§ **Task instructions**
Your task is to find every line in the records that holds the string "ezdxf" and copy it.

━━━━━ Records for the exercise ━━━━━

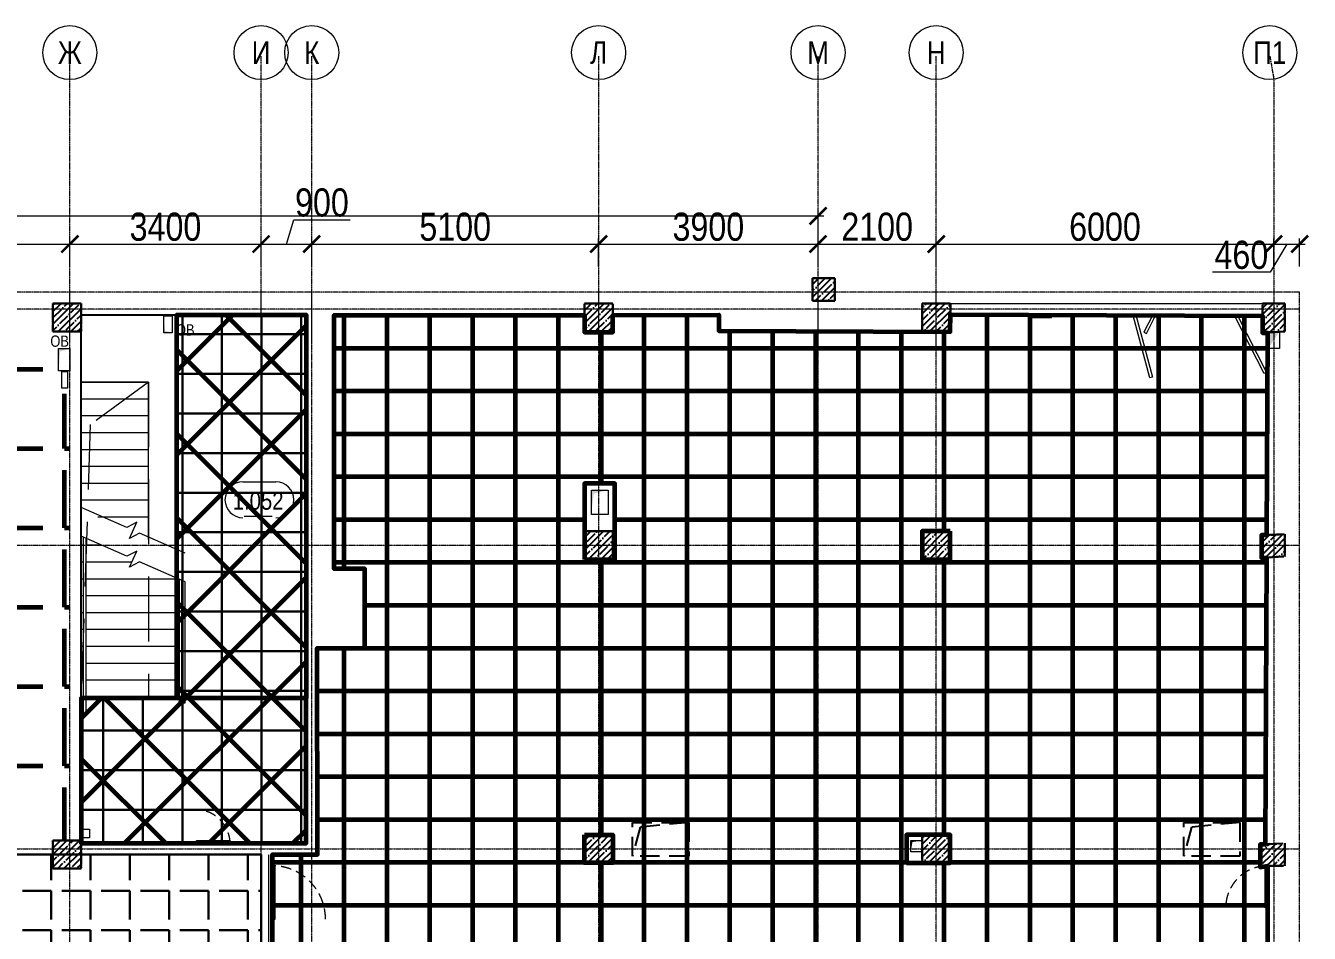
# Model space of a CAD drawing. Header units: millimetres. Extents: x -65509 to 912790, y 446 to 713294.
# Drawn here: x 23295 to 46113, y 80270 to 96413 of the extents above; entities that cross this region are included whole.
import ezdxf
from ezdxf.enums import TextEntityAlignment as Align

# ---------------------------------------------------------------- set-up
doc = ezdxf.new("R2010")
doc.units = ezdxf.units.MM
for name, pattern in [('CENTER', [50.8, 31.75, -6.35, 6.35, -6.35]), ('CENTER2', [28.575, 19.05, -3.175, 3.175, -3.175]), ('DASHED', [19.05, 12.7, -6.35]), ('HIDDEN', [9.525, 6.35, -3.175]), ('HIDDEN2', [4.7625, 3.175, -1.5875])]:
    doc.linetypes.add(name, pattern=pattern)
doc.layers.get('Defpoints').update_dxf_attribs({"color": 250})
for name, color, linetype, lineweight in [('7.3) Плитка 6', 90, 'Continuous', 60), ('7.5) Плитка тип 6                    6 вып', 90, 'Continuous', 60), ('8.2) Изоляция пола Тип 6    6 вып', 6, 'Continuous', 60), ('9.1) Линолеум 9  9.2 Инв', 3, 'Continuous', 60), ('9.2) Юра итоговая пол плитка', 3, 'Continuous', 30), ('АР_Area', 250, 'Continuous', 5), ('АР_Двери_витраж', 250, 'Continuous', 9), ('АР_Двери_внутренние_антипаника', 250, 'Continuous', 0), ('АР_Колонны', 250, 'Continuous', 30), ('АР_ЛК', 250, 'Continuous', 25), ('АР_Отверстия', 250, 'Continuous', 9), ('АР_Стены ЖБ', 250, 'Continuous', 35), ('АР_Стены кирпич', 250, 'Continuous', 20), ('АР_Тонкая', 250, 'Continuous', 5), ('АР_Ф_ЛК', 250, 'Continuous', 5), ('АР_Штриховка', 250, 'Continuous', 0), ('ВК_Шахты', 250, 'Continuous', 9), ('КМ_Фахверки размер', 250, 'Continuous', 25), ('ОВ_коллекторы', 250, 'Continuous', 25), ('ОВ_Отопление', 250, 'Continuous', 5), ('ОВ_Шахты_блок 4.1', 250, 'Continuous', 25), ('РД_Оси_100', 250, 'Continuous', 0), ('РД_Оси_размер', 250, 'Continuous', 0)]:
    doc.layers.add(name, color=color, linetype=linetype, lineweight=lineweight)
doc.layers.add('АР_Делит', color=250, linetype='Continuous', lineweight=0, plot=False)
doc.styles.add('style1', font='ARIALN.TTF')
doc.styles.add('ккк', font='isocpeur.ttf', dxfattribs={"width": 0.85, "oblique": 15})
doc.dimstyles.new('Dim100_ареал', dxfattribs={"dimscale": 100, "dimtxt": 2.5, "dimasz": 1, "dimexe": 1, "dimexo": 1, "dimgap": 0.5, "dimtad": 1, "dimzin": 12, "dimdsep": 46, "dimtxsty": 'style1', "dimblk": 'ARCHTICK', "dimcen": 1, "dimdle": 1, "dimclrd": 256, "dimclre": 256, "dimaunit": 1, "dimadec": 0, "dimazin": 3, "dimtfac": 1, "dimtmove": 1, "dimatfit": 3, "dimldrblk": 'OPEN30', "dimfxl": 4, "dimfxlon": 1, "dimtolj": 1, "dimtzin": 0, "dimlwd": 9, "dimlwe": 9, "dimarcsym": 0})
pattern_1 = [(45, (-120, -9128.87), (-112.2532, 112.2532), []), (45, (-7.75, -9128.87), (-112.2532, 112.2532), [198.4375, -39.6875, 0, -39.6875])]

# ---------------------------------------------------------------- blocks, each defined once
blk = doc.blocks.new('ЛК_4000х9200_1эт')
at = {"color": 5}
blk.add_lwpolyline([(3574, 3915), (6700, 3915), (6700, 3955), (3559, 3955)], dxfattribs=at)
at = {"layer": 'АР_Делит'}
blk.add_lwpolyline([(-400, 4000), (9000, 4000), (9000, 0), (-400, 0)], close=True, dxfattribs=at)
at = {"layer": 'АР_Тонкая'}
for points in [[(3841, 2150), (3484, 2961), (3577, 3138), (3291, 3012), (3383, 3189), (3026, 4000)], [(4352, 2150), (3995, 2961), (4088, 3138), (3802, 3012), (3894, 3189), (3537, 4000)]]:
    blk.add_lwpolyline(points, dxfattribs=at)
at = {"layer": 'АР_Ф_ЛК'}
for p, q in [((800, 2800), (800, 4000)), ((1100, 2800), (1100, 4000)), ((1400, 2800), (1400, 4000)), ((1700, 2800), (1700, 4000)), ((2000, 2800), (2000, 4000)), ((2300, 2800), (2300, 4000)), ((2600, 2800), (2600, 4000)), ((2900, 2800), (2900, 4000)), ((3200, 2800), (3200, 3705))]:
    blk.add_line(p, q, dxfattribs=at)
at = {"layer": 'АР_Ф_ЛК', "color": 5}
for p, q in [((3700, 3955), (3700, 4000)), ((3700, 3630), (3700, 3915)), ((4000, 3955), (4000, 4000)), ((4000, 3099), (4000, 3915)), ((4300, 3955), (4300, 4000)), ((4300, 2269), (4300, 3915)), ((4600, 3955), (4600, 4000)), ((4600, 2255), (4600, 3915)), ((4900, 3955), (4900, 4000)), ((4900, 2255), (4900, 3915)), ((5200, 3955), (5200, 4000)), ((5200, 2255), (5200, 3915)), ((5500, 3955), (5500, 4000)), ((5500, 2255), (5500, 3915)), ((5800, 3955), (5800, 4000)), ((5800, 2255), (5800, 3915)), ((6100, 3955), (6100, 4000)), ((6100, 2255), (6100, 3915)), ((6400, 3955), (6400, 4000)), ((6400, 2255), (6400, 3915)), ((4600, 2190), (4600, 2215)), ((4900, 2190), (4900, 2215)), ((5200, 2190), (5200, 2215)), ((5500, 2190), (5500, 2215)), ((5800, 2190), (5800, 2215)), ((6100, 2190), (6100, 2215)), ((6400, 2190), (6400, 2215))]:
    blk.add_line(p, q, dxfattribs=at)
at = {"layer": 'АР_Ф_ЛК', "color": 5, "lineweight": 9}
for p, q in [((4306, 2255), (6480, 2255)), ((4324, 2215), (6480, 2215))]:
    blk.add_line(p, q, dxfattribs=at)
at = {"layer": 'АР_Ф_ЛК'}
blk.add_lwpolyline([(3599, 2800), (800, 2800), (800, 4000), (3070, 4000)], dxfattribs=at)
for points in [[(800, 3400, 0, 150, 0), (1266, 3400, 0, 0, 0), (3334, 3400, 0, 0, 0)], [(4094, 3085, 0, 150, 0), (4561, 3085, 0, 0, 0), (6400, 3085, 0, 0, 0)]]:
    blk.add_lwpolyline(points, format="xyseb", dxfattribs=at)
at = {"layer": 'АР_Ф_ЛК', "color": 5}
blk.add_lwpolyline([(4335, 2190), (6500, 2190), (6500, 2150), (4352, 2150)], dxfattribs=at)
at = {"layer": 'АР_Ф_ЛК', "color": 5, "lineweight": 9}
blk.add_arc((6480, 2235), 20, 270, 90, dxfattribs=at)
blk = doc.blocks.new('otv')
at = {"linetype": 'Continuous'}
blk.add_lwpolyline([(0, -1), (0, 0), (1, 0), (1, -1)], close=True, dxfattribs=at)
blk.add_solid([(0, -1), (0, 0), (0.135, -0.137), (1, 0)], dxfattribs=at)
blk = doc.blocks.new('otv пунктир')
at = {"linetype": 'HIDDEN', "ltscale": 0.07}
blk.add_lwpolyline([(0, 0), (0, 1), (1, 1), (1, 0)], close=True, dxfattribs=at)
blk.add_lwpolyline([(0, 1), (0.1346, 0.1366), (1, 0)], dxfattribs=at)
blk = doc.blocks.new('otv_в_стене')
at = {"linetype": 'Continuous'}
blk.add_lwpolyline([(0, -1), (0, 0), (1, 0), (1, -1)], close=True, dxfattribs=at)
blk.add_solid([(0, -1), (0, 0), (0.5, -0.5), (1, 0)], dxfattribs=at)
blk = doc.blocks.new('A-iden')
at = {"linetype": 'Continuous', "lineweight": 5}
blk.add_circle((0, -4), 3, dxfattribs=at)
at = {"color": 0, "linetype": 'Continuous', "lineweight": 20, "style": 'ккк', "width": 0.85}
blk.add_attdef('ID', text='', height=8, dxfattribs=at).set_placement((0.31, -3.85), align=Align.MIDDLE_CENTER)
blk = doc.blocks.new('_ArchTick')
at = {"color": 0, "linetype": 'ByBlock', "const_width": 0.15}
blk.add_lwpolyline([(-0.5, -0.5), (0.5, 0.5)], dxfattribs=at)
blk = doc.blocks.new('*D118')
at = {"layer": 'Defpoints', "color": 0, "transparency": 16777216}
for p in [(1241253, 222414), (1223253, 135908), (1241253, 133908)]:
    blk.add_point(p, dxfattribs=at)
at = {"layer": 'РД_Оси_размер', "lineweight": 9, "transparency": 16777216}
for p, q in [((1223253, 134308), (1223253, 133808)), ((1241253, 134308), (1241253, 133808)), ((1223153, 133908), (1241353, 133908))]:
    blk.add_line(p, q, dxfattribs=at)
at = {"layer": 'РД_Оси_размер', "lineweight": 9, "transparency": 16777216, "xscale": 300, "yscale": 300, "zscale": 300, "rotation": 180}
blk.add_blockref('_ArchTick', (1223253, 133908), dxfattribs=at)
at = {"layer": 'РД_Оси_размер', "lineweight": 9, "transparency": 16777216, "xscale": 300, "yscale": 300, "zscale": 300}
blk.add_blockref('_ArchTick', (1241253, 133908), dxfattribs=at)
at = {"layer": 'РД_Оси_размер', "color": 0, "transparency": 16777216, "insert": (1232253, 134213), "char_height": 500, "attachment_point": 5, "style": 'style1'}
blk.add_mtext('\\A1;18000', dxfattribs=at)
blk = doc.blocks.new('_Open30')
at = {"color": 0, "linetype": 'ByBlock', "lineweight": -2}
for p, q in [((-1, 0.268), (0, 0)), ((0, 0), (-1, -0.268)), ((0, 0), (-1, 0))]:
    blk.add_line(p, q, dxfattribs=at)
blk = doc.blocks.new('*D98')
at = {"layer": 'Defpoints', "color": 0, "transparency": 16777216}
for p in [(1233153, 224571), (1195653, 222571), (1233153, 222571)]:
    blk.add_point(p, dxfattribs=at)
at = {"layer": 'РД_Оси_размер', "lineweight": 9, "transparency": 16777216}
for p, q in [((1195553, 224571), (1233253, 224571)), ((1195653, 224171), (1195653, 224671)), ((1233153, 224171), (1233153, 224671))]:
    blk.add_line(p, q, dxfattribs=at)
at = {"layer": 'РД_Оси_размер', "lineweight": 9, "transparency": 16777216, "xscale": 300, "yscale": 300, "zscale": 300, "rotation": 180}
blk.add_blockref('_ArchTick', (1195653, 224571), dxfattribs=at)
at = {"layer": 'РД_Оси_размер', "lineweight": 9, "transparency": 16777216, "xscale": 300, "yscale": 300, "zscale": 300}
blk.add_blockref('_ArchTick', (1233153, 224571), dxfattribs=at)
at = {"layer": 'РД_Оси_размер', "color": 0, "transparency": 16777216, "insert": (1214403, 224876), "char_height": 500, "attachment_point": 5, "style": 'style1'}
blk.add_mtext('\\A1;37500', dxfattribs=at)
blk = doc.blocks.new('*D110')
at = {"layer": 'Defpoints', "color": 0, "transparency": 16777216}
for p in [(1219853, 224071), (1215753, 222571), (1219853, 222571)]:
    blk.add_point(p, dxfattribs=at)
at = {"layer": 'РД_Оси_размер', "lineweight": 9, "transparency": 16777216}
for p, q in [((1215653, 224071), (1219953, 224071)), ((1215753, 223671), (1215753, 224171)), ((1219853, 223671), (1219853, 224171))]:
    blk.add_line(p, q, dxfattribs=at)
at = {"layer": 'РД_Оси_размер', "lineweight": 9, "transparency": 16777216, "xscale": 300, "yscale": 300, "zscale": 300, "rotation": 180}
blk.add_blockref('_ArchTick', (1215753, 224071), dxfattribs=at)
at = {"layer": 'РД_Оси_размер', "lineweight": 9, "transparency": 16777216, "xscale": 300, "yscale": 300, "zscale": 300}
blk.add_blockref('_ArchTick', (1219853, 224071), dxfattribs=at)
at = {"layer": 'РД_Оси_размер', "color": 0, "transparency": 16777216, "insert": (1217803, 224376), "char_height": 500, "attachment_point": 5, "style": 'style1'}
blk.add_mtext('\\A1;4100', dxfattribs=at)
blk = doc.blocks.new('*D111')
at = {"layer": 'Defpoints', "color": 0, "transparency": 16777216}
for p in [(1223253, 224071), (1219853, 222571), (1223253, 222571)]:
    blk.add_point(p, dxfattribs=at)
at = {"layer": 'РД_Оси_размер', "lineweight": 9, "transparency": 16777216}
for p, q in [((1219753, 224071), (1223353, 224071)), ((1219853, 223671), (1219853, 224171)), ((1223253, 223671), (1223253, 224171))]:
    blk.add_line(p, q, dxfattribs=at)
at = {"layer": 'РД_Оси_размер', "lineweight": 9, "transparency": 16777216, "xscale": 300, "yscale": 300, "zscale": 300, "rotation": 180}
blk.add_blockref('_ArchTick', (1219853, 224071), dxfattribs=at)
at = {"layer": 'РД_Оси_размер', "lineweight": 9, "transparency": 16777216, "xscale": 300, "yscale": 300, "zscale": 300}
blk.add_blockref('_ArchTick', (1223253, 224071), dxfattribs=at)
at = {"layer": 'РД_Оси_размер', "color": 0, "transparency": 16777216, "insert": (1221553, 224376), "char_height": 500, "attachment_point": 5, "style": 'style1'}
blk.add_mtext('\\A1;3400', dxfattribs=at)
blk = doc.blocks.new('*D112')
at = {"layer": 'Defpoints', "color": 0, "transparency": 16777216}
for p in [(1224153, 224071), (1223253, 222571), (1224153, 222571)]:
    blk.add_point(p, dxfattribs=at)
at = {"layer": 'РД_Оси_размер', "lineweight": 9, "transparency": 16777216}
for p, q in [((1223703, 224071), (1223832, 224501)), ((1223832, 224501), (1224837, 224501)), ((1223153, 224071), (1224253, 224071)), ((1223253, 223671), (1223253, 224171)), ((1224153, 223671), (1224153, 224171))]:
    blk.add_line(p, q, dxfattribs=at)
at = {"layer": 'РД_Оси_размер', "lineweight": 9, "transparency": 16777216, "xscale": 300, "yscale": 300, "zscale": 300, "rotation": 180}
blk.add_blockref('_ArchTick', (1223253, 224071), dxfattribs=at)
at = {"layer": 'РД_Оси_размер', "lineweight": 9, "transparency": 16777216, "xscale": 300, "yscale": 300, "zscale": 300}
blk.add_blockref('_ArchTick', (1224153, 224071), dxfattribs=at)
at = {"layer": 'РД_Оси_размер', "color": 0, "transparency": 16777216, "insert": (1224334, 224807), "char_height": 500, "attachment_point": 5, "style": 'style1'}
blk.add_mtext('\\A1;900', dxfattribs=at)
blk = doc.blocks.new('*D113')
at = {"layer": 'Defpoints', "color": 0, "transparency": 16777216}
for p in [(1229253, 224071), (1224153, 222571), (1229253, 222571)]:
    blk.add_point(p, dxfattribs=at)
at = {"layer": 'РД_Оси_размер', "lineweight": 9, "transparency": 16777216}
for p, q in [((1224053, 224071), (1229353, 224071)), ((1224153, 223671), (1224153, 224171)), ((1229253, 223671), (1229253, 224171))]:
    blk.add_line(p, q, dxfattribs=at)
at = {"layer": 'РД_Оси_размер', "lineweight": 9, "transparency": 16777216, "xscale": 300, "yscale": 300, "zscale": 300, "rotation": 180}
blk.add_blockref('_ArchTick', (1224153, 224071), dxfattribs=at)
at = {"layer": 'РД_Оси_размер', "lineweight": 9, "transparency": 16777216, "xscale": 300, "yscale": 300, "zscale": 300}
blk.add_blockref('_ArchTick', (1229253, 224071), dxfattribs=at)
at = {"layer": 'РД_Оси_размер', "color": 0, "transparency": 16777216, "insert": (1226703, 224376), "char_height": 500, "attachment_point": 5, "style": 'style1'}
blk.add_mtext('\\A1;5100', dxfattribs=at)
blk = doc.blocks.new('*D114')
at = {"layer": 'Defpoints', "color": 0, "transparency": 16777216}
for p in [(1233153, 224071), (1229253, 222571), (1233153, 222571)]:
    blk.add_point(p, dxfattribs=at)
at = {"layer": 'РД_Оси_размер', "lineweight": 9, "transparency": 16777216}
for p, q in [((1229153, 224071), (1233253, 224071)), ((1229253, 223671), (1229253, 224171)), ((1233153, 223671), (1233153, 224171))]:
    blk.add_line(p, q, dxfattribs=at)
at = {"layer": 'РД_Оси_размер', "lineweight": 9, "transparency": 16777216, "xscale": 300, "yscale": 300, "zscale": 300, "rotation": 180}
blk.add_blockref('_ArchTick', (1229253, 224071), dxfattribs=at)
at = {"layer": 'РД_Оси_размер', "lineweight": 9, "transparency": 16777216, "xscale": 300, "yscale": 300, "zscale": 300}
blk.add_blockref('_ArchTick', (1233153, 224071), dxfattribs=at)
at = {"layer": 'РД_Оси_размер', "color": 0, "transparency": 16777216, "insert": (1231203, 224376), "char_height": 500, "attachment_point": 5, "style": 'style1'}
blk.add_mtext('\\A1;3900', dxfattribs=at)
blk = doc.blocks.new('*D115')
at = {"layer": 'Defpoints', "color": 0, "transparency": 16777216}
for p in [(1235253, 224071), (1233153, 222571), (1235253, 222571)]:
    blk.add_point(p, dxfattribs=at)
at = {"layer": 'РД_Оси_размер', "lineweight": 9, "transparency": 16777216}
for p, q in [((1233053, 224071), (1235353, 224071)), ((1233153, 223671), (1233153, 224171)), ((1235253, 223671), (1235253, 224171))]:
    blk.add_line(p, q, dxfattribs=at)
at = {"layer": 'РД_Оси_размер', "lineweight": 9, "transparency": 16777216, "xscale": 300, "yscale": 300, "zscale": 300, "rotation": 180}
blk.add_blockref('_ArchTick', (1233153, 224071), dxfattribs=at)
at = {"layer": 'РД_Оси_размер', "lineweight": 9, "transparency": 16777216, "xscale": 300, "yscale": 300, "zscale": 300}
blk.add_blockref('_ArchTick', (1235253, 224071), dxfattribs=at)
at = {"layer": 'РД_Оси_размер', "color": 0, "transparency": 16777216, "insert": (1234203, 224376), "char_height": 500, "attachment_point": 5, "style": 'style1'}
blk.add_mtext('\\A1;2100', dxfattribs=at)
blk = doc.blocks.new('*D116')
at = {"layer": 'Defpoints', "color": 0, "transparency": 16777216}
for p in [(1241253, 224071), (1235253, 222571), (1241253, 222571)]:
    blk.add_point(p, dxfattribs=at)
at = {"layer": 'РД_Оси_размер', "lineweight": 9, "transparency": 16777216}
for p, q in [((1235153, 224071), (1241353, 224071)), ((1235253, 223671), (1235253, 224171)), ((1241253, 223671), (1241253, 224171))]:
    blk.add_line(p, q, dxfattribs=at)
at = {"layer": 'РД_Оси_размер', "lineweight": 9, "transparency": 16777216, "xscale": 300, "yscale": 300, "zscale": 300, "rotation": 180}
blk.add_blockref('_ArchTick', (1235253, 224071), dxfattribs=at)
at = {"layer": 'РД_Оси_размер', "lineweight": 9, "transparency": 16777216, "xscale": 300, "yscale": 300, "zscale": 300}
blk.add_blockref('_ArchTick', (1241253, 224071), dxfattribs=at)
at = {"layer": 'РД_Оси_размер', "color": 0, "transparency": 16777216, "insert": (1238253, 224376), "char_height": 500, "attachment_point": 5, "style": 'style1'}
blk.add_mtext('\\A1;6000', dxfattribs=at)
blk = doc.blocks.new('*D117')
at = {"layer": 'Defpoints', "color": 0, "transparency": 16777216}
for p in [(1241713, 224071), (1241253, 222571), (1241713, 222571)]:
    blk.add_point(p, dxfattribs=at)
at = {"layer": 'РД_Оси_размер', "lineweight": 9, "transparency": 16777216}
for p, q in [((1241153, 224071), (1241813, 224071)), ((1241483, 224071), (1241187, 223571)), ((1241253, 223671), (1241253, 224171)), ((1241713, 223671), (1241713, 224171)), ((1241187, 223571), (1240166, 223571))]:
    blk.add_line(p, q, dxfattribs=at)
at = {"layer": 'РД_Оси_размер', "lineweight": 9, "transparency": 16777216, "xscale": 300, "yscale": 300, "zscale": 300, "rotation": 180}
blk.add_blockref('_ArchTick', (1241253, 224071), dxfattribs=at)
at = {"layer": 'РД_Оси_размер', "lineweight": 9, "transparency": 16777216, "xscale": 300, "yscale": 300, "zscale": 300}
blk.add_blockref('_ArchTick', (1241713, 224071), dxfattribs=at)
at = {"layer": 'РД_Оси_размер', "color": 0, "transparency": 16777216, "insert": (1240677, 223876), "char_height": 500, "attachment_point": 5, "style": 'style1'}
blk.add_mtext('\\A1;460', dxfattribs=at)
blk = doc.blocks.new('MOK-МаркаПом_овал_ареал')
for p, q in [((-2.99, 3.76), (3.52, 3.76)), ((-2.75, -3), (2.75, -3))]:
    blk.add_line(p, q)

━━━━━

§ **Result for this task**
import ezdxf
from ezdxf.enums import TextEntityAlignment as Align
doc = ezdxf.new("R2010")
doc.units = ezdxf.units.MM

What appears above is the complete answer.